Can Machine Learning Give Investigative Journalism the Scoop?

While attending the recent Nicar 2013 conference in Lousiville, Kentucky, Andrew Trench, Media24 Investigations editor and technology blogger reported on a fascinating demonstration of machine learning for finding news stories and insights humans would typically overlook.

Machine Learning at a Glance
Courtwesy GrubStreet.co.za & Andrew Trench

He then shares his vision for how machine learning will impact news as we know it in terms of gathering and shaping stories as well as the news business itself.

ProPublica’s Jeff Larson was the presenter at Nicar. By way of the Message Machine project, his non-profit investigative reporting group used machine learning to uncover a number of major stories.

The project clustered documents and applied decision trees to comb through vast volumes of crowd-sourced emails from their readers on a given topic.

In this case, the topic was how US political parties raised money by tailoring their pitches to suit the demographics of the email recipients.

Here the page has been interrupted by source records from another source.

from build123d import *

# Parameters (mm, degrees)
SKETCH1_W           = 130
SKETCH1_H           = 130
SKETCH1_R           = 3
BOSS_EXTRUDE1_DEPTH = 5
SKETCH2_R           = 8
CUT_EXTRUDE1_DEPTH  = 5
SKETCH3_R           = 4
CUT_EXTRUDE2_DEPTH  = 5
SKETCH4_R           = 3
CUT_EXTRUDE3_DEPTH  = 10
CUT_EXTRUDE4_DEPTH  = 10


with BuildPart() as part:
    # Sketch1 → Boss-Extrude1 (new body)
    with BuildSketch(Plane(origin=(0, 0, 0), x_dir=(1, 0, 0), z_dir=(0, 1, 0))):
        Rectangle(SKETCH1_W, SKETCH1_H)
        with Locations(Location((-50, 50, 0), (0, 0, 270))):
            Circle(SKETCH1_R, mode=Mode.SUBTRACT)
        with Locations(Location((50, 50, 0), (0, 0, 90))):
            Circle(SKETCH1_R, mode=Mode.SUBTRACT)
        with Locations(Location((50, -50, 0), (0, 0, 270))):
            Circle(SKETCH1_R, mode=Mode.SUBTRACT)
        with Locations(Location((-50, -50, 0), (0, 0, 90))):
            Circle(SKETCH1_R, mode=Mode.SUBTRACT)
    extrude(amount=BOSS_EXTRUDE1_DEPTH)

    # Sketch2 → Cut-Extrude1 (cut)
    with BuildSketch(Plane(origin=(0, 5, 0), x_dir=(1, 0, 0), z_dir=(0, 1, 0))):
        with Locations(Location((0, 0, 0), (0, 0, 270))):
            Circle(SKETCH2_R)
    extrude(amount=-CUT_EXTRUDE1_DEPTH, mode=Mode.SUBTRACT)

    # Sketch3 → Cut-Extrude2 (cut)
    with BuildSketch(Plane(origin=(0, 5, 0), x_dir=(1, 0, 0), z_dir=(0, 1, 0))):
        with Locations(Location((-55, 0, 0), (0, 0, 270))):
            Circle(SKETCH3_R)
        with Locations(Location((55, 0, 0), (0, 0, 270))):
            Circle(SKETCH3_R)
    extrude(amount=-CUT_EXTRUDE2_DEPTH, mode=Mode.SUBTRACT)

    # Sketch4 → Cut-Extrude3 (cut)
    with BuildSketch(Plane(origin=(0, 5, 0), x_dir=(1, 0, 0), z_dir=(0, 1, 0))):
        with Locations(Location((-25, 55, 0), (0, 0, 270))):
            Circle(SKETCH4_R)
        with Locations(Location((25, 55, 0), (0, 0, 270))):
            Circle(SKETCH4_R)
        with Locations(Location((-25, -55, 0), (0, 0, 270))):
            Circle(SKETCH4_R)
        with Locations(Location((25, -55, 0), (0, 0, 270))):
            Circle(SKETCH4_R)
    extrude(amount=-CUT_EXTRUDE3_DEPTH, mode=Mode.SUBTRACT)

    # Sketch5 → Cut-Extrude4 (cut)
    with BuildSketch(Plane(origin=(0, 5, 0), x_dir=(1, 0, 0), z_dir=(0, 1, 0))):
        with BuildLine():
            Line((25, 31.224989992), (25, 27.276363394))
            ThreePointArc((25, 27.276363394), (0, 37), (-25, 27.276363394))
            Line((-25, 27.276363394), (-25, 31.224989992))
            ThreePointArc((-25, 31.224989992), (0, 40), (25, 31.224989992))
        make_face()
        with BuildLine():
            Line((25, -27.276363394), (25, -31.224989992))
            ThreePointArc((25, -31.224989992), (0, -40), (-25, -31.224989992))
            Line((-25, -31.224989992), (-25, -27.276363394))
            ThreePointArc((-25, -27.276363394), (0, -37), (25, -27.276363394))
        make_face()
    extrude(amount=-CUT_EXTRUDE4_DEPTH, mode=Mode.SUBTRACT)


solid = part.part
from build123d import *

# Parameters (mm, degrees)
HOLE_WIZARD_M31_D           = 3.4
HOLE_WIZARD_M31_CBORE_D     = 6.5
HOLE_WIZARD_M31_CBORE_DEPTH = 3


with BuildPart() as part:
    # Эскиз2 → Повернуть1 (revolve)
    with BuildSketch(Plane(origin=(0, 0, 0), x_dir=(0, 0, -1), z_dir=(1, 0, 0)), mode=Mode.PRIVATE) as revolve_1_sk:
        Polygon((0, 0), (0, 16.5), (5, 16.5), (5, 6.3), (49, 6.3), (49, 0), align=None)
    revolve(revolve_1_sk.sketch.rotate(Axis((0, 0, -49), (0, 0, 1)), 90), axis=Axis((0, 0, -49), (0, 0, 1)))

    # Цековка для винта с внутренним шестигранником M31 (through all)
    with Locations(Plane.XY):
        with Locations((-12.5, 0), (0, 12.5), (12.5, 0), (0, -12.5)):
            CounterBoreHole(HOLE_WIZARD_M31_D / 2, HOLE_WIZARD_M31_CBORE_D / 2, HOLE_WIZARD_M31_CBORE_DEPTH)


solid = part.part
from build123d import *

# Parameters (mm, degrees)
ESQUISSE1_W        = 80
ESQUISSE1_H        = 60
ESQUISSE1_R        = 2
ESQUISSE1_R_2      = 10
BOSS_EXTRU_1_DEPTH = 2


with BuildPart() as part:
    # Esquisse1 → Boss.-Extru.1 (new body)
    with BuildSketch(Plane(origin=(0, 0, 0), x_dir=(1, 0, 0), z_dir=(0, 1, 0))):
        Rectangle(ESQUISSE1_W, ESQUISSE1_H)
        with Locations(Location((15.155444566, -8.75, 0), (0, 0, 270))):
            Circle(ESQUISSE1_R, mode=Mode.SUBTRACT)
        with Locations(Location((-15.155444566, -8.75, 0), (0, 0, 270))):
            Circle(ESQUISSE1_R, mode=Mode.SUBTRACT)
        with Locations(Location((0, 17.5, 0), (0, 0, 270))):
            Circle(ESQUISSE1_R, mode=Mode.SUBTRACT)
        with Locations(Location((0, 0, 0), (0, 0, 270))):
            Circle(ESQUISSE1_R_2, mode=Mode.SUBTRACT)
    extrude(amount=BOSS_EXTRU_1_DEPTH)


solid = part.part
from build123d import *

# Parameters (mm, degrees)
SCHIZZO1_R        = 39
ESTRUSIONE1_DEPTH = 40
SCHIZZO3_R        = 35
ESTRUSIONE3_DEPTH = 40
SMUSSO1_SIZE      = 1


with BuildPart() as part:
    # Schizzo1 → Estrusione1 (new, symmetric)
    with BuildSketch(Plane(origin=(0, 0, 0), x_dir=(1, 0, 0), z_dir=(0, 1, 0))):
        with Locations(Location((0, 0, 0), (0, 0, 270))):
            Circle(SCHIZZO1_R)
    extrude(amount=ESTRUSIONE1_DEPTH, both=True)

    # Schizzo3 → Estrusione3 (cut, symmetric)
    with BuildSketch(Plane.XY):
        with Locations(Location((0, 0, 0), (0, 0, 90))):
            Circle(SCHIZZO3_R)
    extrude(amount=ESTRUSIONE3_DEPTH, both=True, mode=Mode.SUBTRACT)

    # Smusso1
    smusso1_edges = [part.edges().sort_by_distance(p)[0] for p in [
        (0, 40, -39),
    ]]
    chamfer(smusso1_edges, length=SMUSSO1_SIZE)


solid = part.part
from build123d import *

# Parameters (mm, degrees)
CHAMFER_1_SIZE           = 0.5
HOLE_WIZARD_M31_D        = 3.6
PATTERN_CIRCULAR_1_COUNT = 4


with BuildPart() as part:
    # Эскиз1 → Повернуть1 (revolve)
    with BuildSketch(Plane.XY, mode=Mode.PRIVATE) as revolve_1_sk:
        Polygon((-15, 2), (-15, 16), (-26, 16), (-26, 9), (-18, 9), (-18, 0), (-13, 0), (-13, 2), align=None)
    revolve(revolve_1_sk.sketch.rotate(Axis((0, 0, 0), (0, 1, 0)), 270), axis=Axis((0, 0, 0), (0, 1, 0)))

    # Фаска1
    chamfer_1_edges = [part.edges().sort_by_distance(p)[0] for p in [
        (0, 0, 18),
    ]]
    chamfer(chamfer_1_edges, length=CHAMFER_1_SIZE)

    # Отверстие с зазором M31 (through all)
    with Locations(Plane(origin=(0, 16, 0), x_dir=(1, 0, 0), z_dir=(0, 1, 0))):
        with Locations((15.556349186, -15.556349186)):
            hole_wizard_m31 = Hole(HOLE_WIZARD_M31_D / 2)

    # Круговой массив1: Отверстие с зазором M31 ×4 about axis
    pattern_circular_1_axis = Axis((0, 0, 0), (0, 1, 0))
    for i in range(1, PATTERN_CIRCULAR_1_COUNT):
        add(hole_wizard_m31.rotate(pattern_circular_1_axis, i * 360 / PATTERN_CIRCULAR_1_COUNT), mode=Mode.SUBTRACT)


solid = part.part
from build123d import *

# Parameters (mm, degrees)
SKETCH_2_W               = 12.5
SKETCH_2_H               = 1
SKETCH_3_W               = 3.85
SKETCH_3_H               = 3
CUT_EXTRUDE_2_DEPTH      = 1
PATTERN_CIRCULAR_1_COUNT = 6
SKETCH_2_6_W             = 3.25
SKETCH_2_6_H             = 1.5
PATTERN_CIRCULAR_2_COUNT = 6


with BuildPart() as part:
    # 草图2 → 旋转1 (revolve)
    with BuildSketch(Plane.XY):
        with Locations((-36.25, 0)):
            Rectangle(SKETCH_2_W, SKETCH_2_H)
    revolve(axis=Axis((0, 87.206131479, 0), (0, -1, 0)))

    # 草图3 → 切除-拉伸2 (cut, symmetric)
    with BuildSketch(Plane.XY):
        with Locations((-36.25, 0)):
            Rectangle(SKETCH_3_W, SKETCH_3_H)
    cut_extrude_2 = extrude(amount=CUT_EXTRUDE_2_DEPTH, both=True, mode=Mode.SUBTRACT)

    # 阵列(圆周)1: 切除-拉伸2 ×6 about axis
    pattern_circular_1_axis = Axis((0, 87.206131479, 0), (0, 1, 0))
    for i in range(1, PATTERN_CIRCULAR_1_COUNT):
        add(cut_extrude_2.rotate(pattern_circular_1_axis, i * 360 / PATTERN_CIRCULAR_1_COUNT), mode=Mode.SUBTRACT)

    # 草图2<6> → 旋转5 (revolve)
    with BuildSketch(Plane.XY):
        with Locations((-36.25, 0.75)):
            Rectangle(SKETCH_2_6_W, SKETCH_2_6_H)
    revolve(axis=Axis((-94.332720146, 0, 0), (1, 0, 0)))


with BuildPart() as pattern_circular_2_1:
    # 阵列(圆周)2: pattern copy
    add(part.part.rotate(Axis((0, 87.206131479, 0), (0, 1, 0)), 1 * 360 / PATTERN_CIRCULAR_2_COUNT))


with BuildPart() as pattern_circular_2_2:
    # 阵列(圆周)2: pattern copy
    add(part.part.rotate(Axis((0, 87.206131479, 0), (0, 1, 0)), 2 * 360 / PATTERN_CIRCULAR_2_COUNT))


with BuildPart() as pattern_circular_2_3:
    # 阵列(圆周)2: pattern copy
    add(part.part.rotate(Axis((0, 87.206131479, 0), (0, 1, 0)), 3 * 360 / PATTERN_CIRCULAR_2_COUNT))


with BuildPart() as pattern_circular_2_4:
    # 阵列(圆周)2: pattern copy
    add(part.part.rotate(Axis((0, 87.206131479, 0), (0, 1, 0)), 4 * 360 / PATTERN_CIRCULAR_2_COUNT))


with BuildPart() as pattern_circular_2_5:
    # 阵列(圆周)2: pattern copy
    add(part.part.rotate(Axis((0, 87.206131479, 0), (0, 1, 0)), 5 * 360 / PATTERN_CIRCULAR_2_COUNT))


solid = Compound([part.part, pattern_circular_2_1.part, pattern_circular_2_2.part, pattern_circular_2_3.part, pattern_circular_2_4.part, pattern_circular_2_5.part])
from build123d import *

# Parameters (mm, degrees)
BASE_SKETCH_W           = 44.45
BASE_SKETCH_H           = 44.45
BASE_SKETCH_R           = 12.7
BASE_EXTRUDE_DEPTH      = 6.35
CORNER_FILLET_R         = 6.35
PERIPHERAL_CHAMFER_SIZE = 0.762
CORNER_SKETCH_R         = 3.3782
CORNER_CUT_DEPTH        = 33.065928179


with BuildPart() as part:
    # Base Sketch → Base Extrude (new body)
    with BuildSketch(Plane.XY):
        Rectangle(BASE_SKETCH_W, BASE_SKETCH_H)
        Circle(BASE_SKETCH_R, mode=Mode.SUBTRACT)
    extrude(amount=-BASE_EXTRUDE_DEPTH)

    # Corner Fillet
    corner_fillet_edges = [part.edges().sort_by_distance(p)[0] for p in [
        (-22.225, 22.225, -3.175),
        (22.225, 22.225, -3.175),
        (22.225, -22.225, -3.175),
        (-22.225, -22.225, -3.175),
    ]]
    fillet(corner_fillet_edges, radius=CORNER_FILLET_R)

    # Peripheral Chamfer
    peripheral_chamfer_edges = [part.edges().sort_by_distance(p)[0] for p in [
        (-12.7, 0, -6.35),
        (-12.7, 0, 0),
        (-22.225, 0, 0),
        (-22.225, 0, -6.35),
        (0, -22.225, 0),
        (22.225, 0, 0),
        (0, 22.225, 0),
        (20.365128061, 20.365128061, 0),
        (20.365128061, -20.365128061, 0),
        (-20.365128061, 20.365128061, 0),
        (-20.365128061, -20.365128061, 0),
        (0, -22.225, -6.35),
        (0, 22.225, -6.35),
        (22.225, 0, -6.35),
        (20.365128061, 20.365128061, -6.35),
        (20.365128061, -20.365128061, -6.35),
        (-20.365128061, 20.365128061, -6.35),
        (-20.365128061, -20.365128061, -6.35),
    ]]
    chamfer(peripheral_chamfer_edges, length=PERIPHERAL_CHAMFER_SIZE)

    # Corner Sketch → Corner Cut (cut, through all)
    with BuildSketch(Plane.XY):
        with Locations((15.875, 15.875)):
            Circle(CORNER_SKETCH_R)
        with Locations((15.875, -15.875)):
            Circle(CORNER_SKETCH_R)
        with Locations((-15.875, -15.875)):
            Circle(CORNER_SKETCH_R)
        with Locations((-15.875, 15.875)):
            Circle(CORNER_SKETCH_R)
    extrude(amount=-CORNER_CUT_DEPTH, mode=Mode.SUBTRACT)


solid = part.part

Under the hood, algorithms convert every word in every email to a number. Documents then have mathematical properties that allow them to be clustered as similar or different.

Apart from the tedium such clustering and conversion tasks would impose on the human mind, scouring the sheer volume of content collected would be too time-consuming and expensive. All the more so given the ever shorter news cycles we’ve come to accept nowadays.

Trench envisions using machine learning to more accurately predict which stories will yield the most likes, click-thrus, and commentary.

He then ruminates about what it would be like for editors concerned about daily sales to have hard data to go on instead of gut instinct.

Upon reading this, I recalled the timeless bible for direct response marketers known as Scientific Advertising by Claude Hopkins.

Written in the 1920s, Hopkins takes advertisers to task for going with their guts when they could craft ads and calls to action that would give them the data they need to continually improve their response from readers.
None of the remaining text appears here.